- _WHAT IS REQUIRED_: Starting with the line that contains "circle A0 centre (-15, -34.25) radius 1.6", set down each line through the end of the entries below, exactly and with nothing added.

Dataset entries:
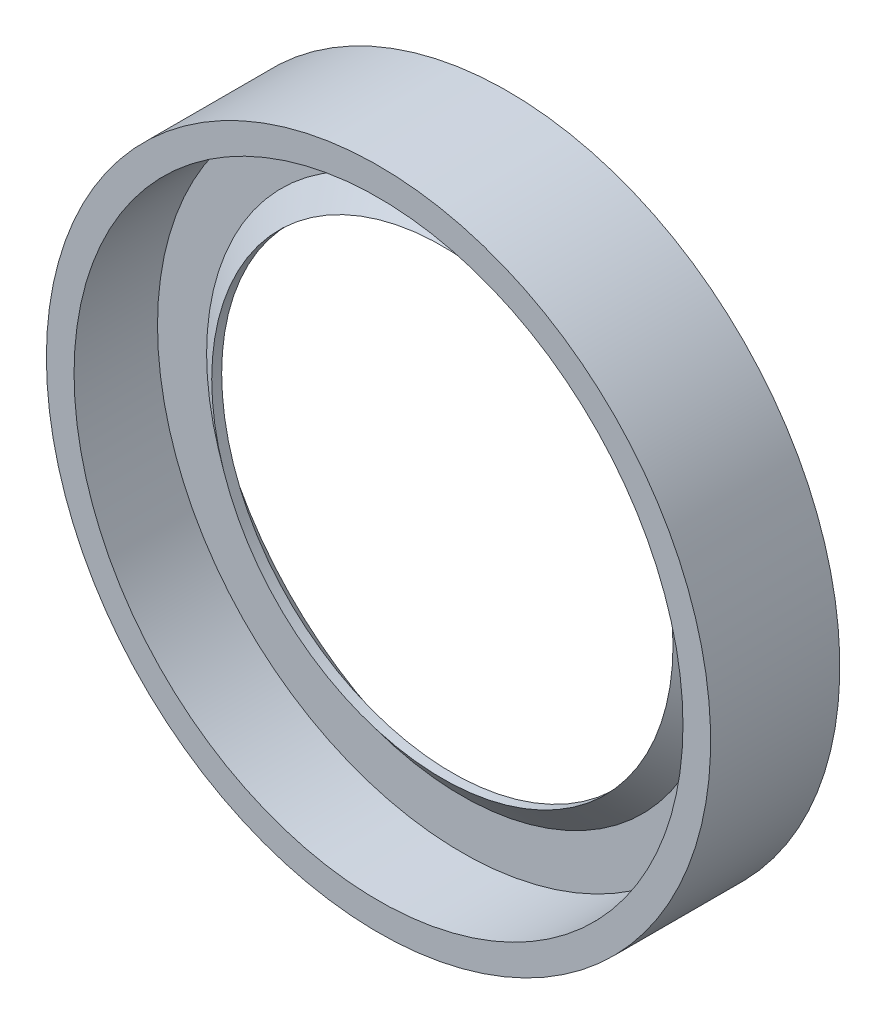
SolidWorks part; units mm, degrees
material "Rubber"
ref_plane "Front Plane" through (0, 0, 0) normal (0, 0, 1) x (1, 0, 0)
ref_plane "Top Plane" through (0, 0, 0) normal (0, 1, 0) x (1, 0, 0)
ref_plane "Right Plane" through (0, 0, 0) normal (1, 0, 0) x (0, 0, -1)
sketch "Sketch1" plane through (0, 0, 0) normal (1, 0, 0) x (0, 0, -1)
  line L0 (48.3596, 0) -> (-30.0288, 0) construction
  line L1 (0, 16.5) -> (0, 18)
  line L2 (0, 18) -> (7, 18)
  line L3 (7, 18) -> (7, 16.5)
  line L4 (7, 16.5) -> (4, 12.5)
  line L6 (4.5228, 13.8398) -> (4.5228, 16.5)
  line L7 (4.5228, 16.5) -> (0, 16.5)
  line L8 (4, 12.5) -> (3.4602, 12.5)
  line L9 (3.4602, 12.5) -> (4.5228, 13.8398)
  dimension "D1" = 36
  dimension "D2" = 25
  dimension "D3" = 1.5
  dimension "D4" = 7
  dimension "D5" = 4
revolve "Revolve1" add sketch "Sketch1" angle 360 about L0
other "Freeze***"
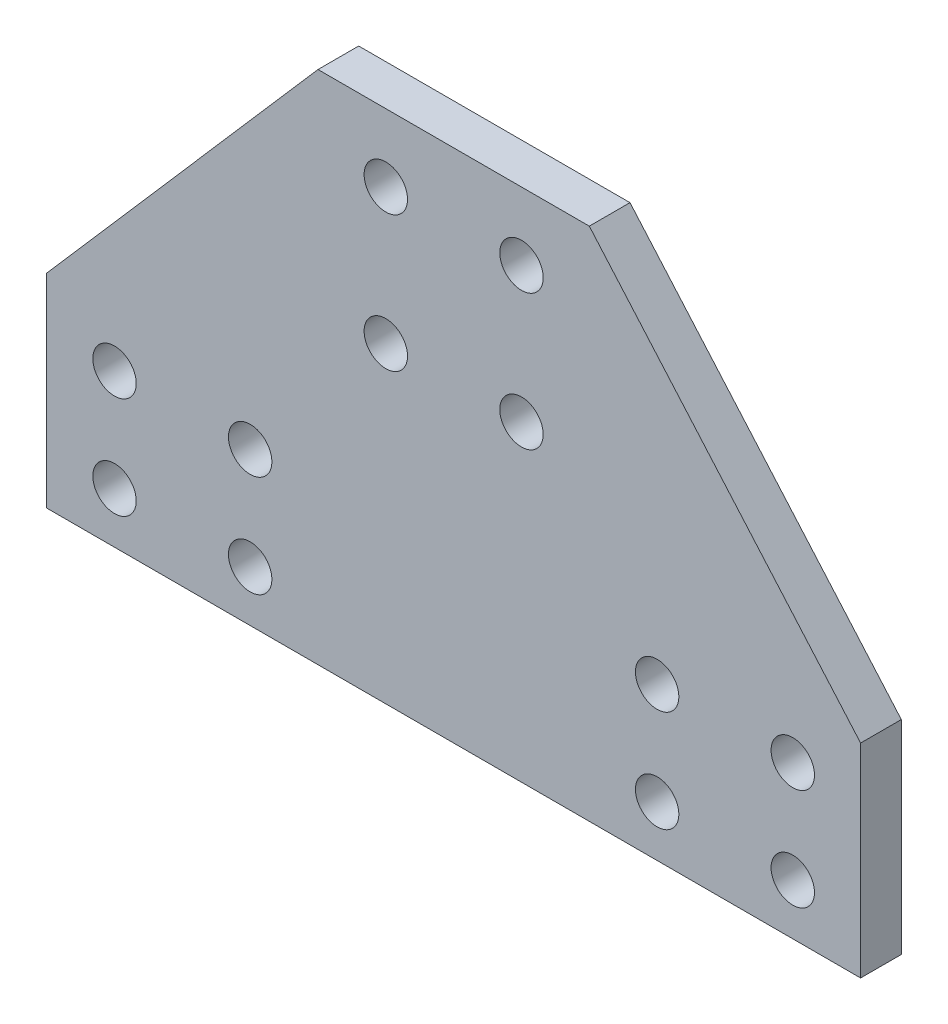
SolidWorks part; units mm, degrees
ref_plane "前视基准面" through (0, 0, 0) normal (0, 0, 1) x (1, 0, 0)
ref_plane "上视基准面" through (0, 0, 0) normal (0, 1, 0) x (1, 0, 0)
ref_plane "右视基准面" through (0, 0, 0) normal (1, 0, 0) x (0, 0, -1)
other "Configuration Table"
sketch "草图1" plane through (0, 0, 0) normal (0, 0, 1) x (1, 0, 0)
  line L0 (0, 0) -> (20, 0)
  line L1 (20, 0) -> (40, -23)
  line L2 (40, -23) -> (40, -38)
  line L3 (40, -38) -> (-20, -38)
  line L4 (-20, -38) -> (-20, -23)
  line L5 (-20, -23) -> (0, 0)
  line L6 (10, 0) -> (10, -38) construction
  dimension "D1" = 15
  dimension "D2" = 15
  dimension "D3" = 20
  dimension "D4" = 60
  dimension "D5" = 23
extrude "凸台-拉伸1" add sketch "草图1" along normal blind 3
sketch "草图2" plane through (0, 0, 3) normal (0, 0, 1) x (1, 0, 0)
  line L0 (10, 0) -> (10, -38) construction
  line L1 (20, 0) -> (0, 0) construction
  line L2 (-20, -38) -> (40, -38) construction
  line L3 (-20, -30.5) -> (40, -30.5) construction
  line L4 (-20, -23) -> (-20, -38) construction
  line L5 (40, -38) -> (40, -23) construction
  line L6 (-10, -30.5) -> (-10, -38) construction
  line L7 (10, -10) -> (28.6957, -10) construction
  line L8 (40, -23) -> (20, 0) construction
  circle A0 centre (-15, -34.25) radius 1.6
  circle A1 centre (-15, -26.75) radius 1.6
  circle A2 centre (-5, -34.25) radius 1.6
  circle A3 centre (-5, -26.75) radius 1.6
  circle A4 centre (25, -34.25) radius 1.6
  circle A5 centre (35, -34.25) radius 1.6
  circle A6 centre (25, -26.75) radius 1.6
  circle A7 centre (35, -26.75) radius 1.6
  circle A8 centre (5, -5) radius 1.6
  circle A9 centre (15, -5) radius 1.6
  circle A10 centre (15, -15) radius 1.6
  circle A11 centre (5, -15) radius 1.6
  dimension "D1" = 3.2
  dimension "D5" = 10
  dimension "D6" = 3.2
  dimension "D2" = 5
  dimension "D3" = 10
  dimension "D4" = 3.75
  dimension "D7" = 5
  dimension "D8" = 5
extrude "切除-拉伸1" cut sketch "草图2" against normal through all

- _SOLUTION BELOW_:
  circle A0 centre (-15, -34.25) radius 1.6
  circle A1 centre (-15, -26.75) radius 1.6
  circle A2 centre (-5, -34.25) radius 1.6
  circle A3 centre (-5, -26.75) radius 1.6
  circle A4 centre (25, -34.25) radius 1.6
  circle A5 centre (35, -34.25) radius 1.6
  circle A6 centre (25, -26.75) radius 1.6
  circle A7 centre (35, -26.75) radius 1.6
  circle A8 centre (5, -5) radius 1.6
  circle A9 centre (15, -5) radius 1.6
  circle A10 centre (15, -15) radius 1.6
  circle A11 centre (5, -15) radius 1.6
  dimension "D1" = 3.2
  dimension "D5" = 10
  dimension "D6" = 3.2
  dimension "D2" = 5
  dimension "D3" = 10
  dimension "D4" = 3.75
  dimension "D7" = 5
  dimension "D8" = 5
extrude "切除-拉伸1" cut sketch "草图2" against normal through all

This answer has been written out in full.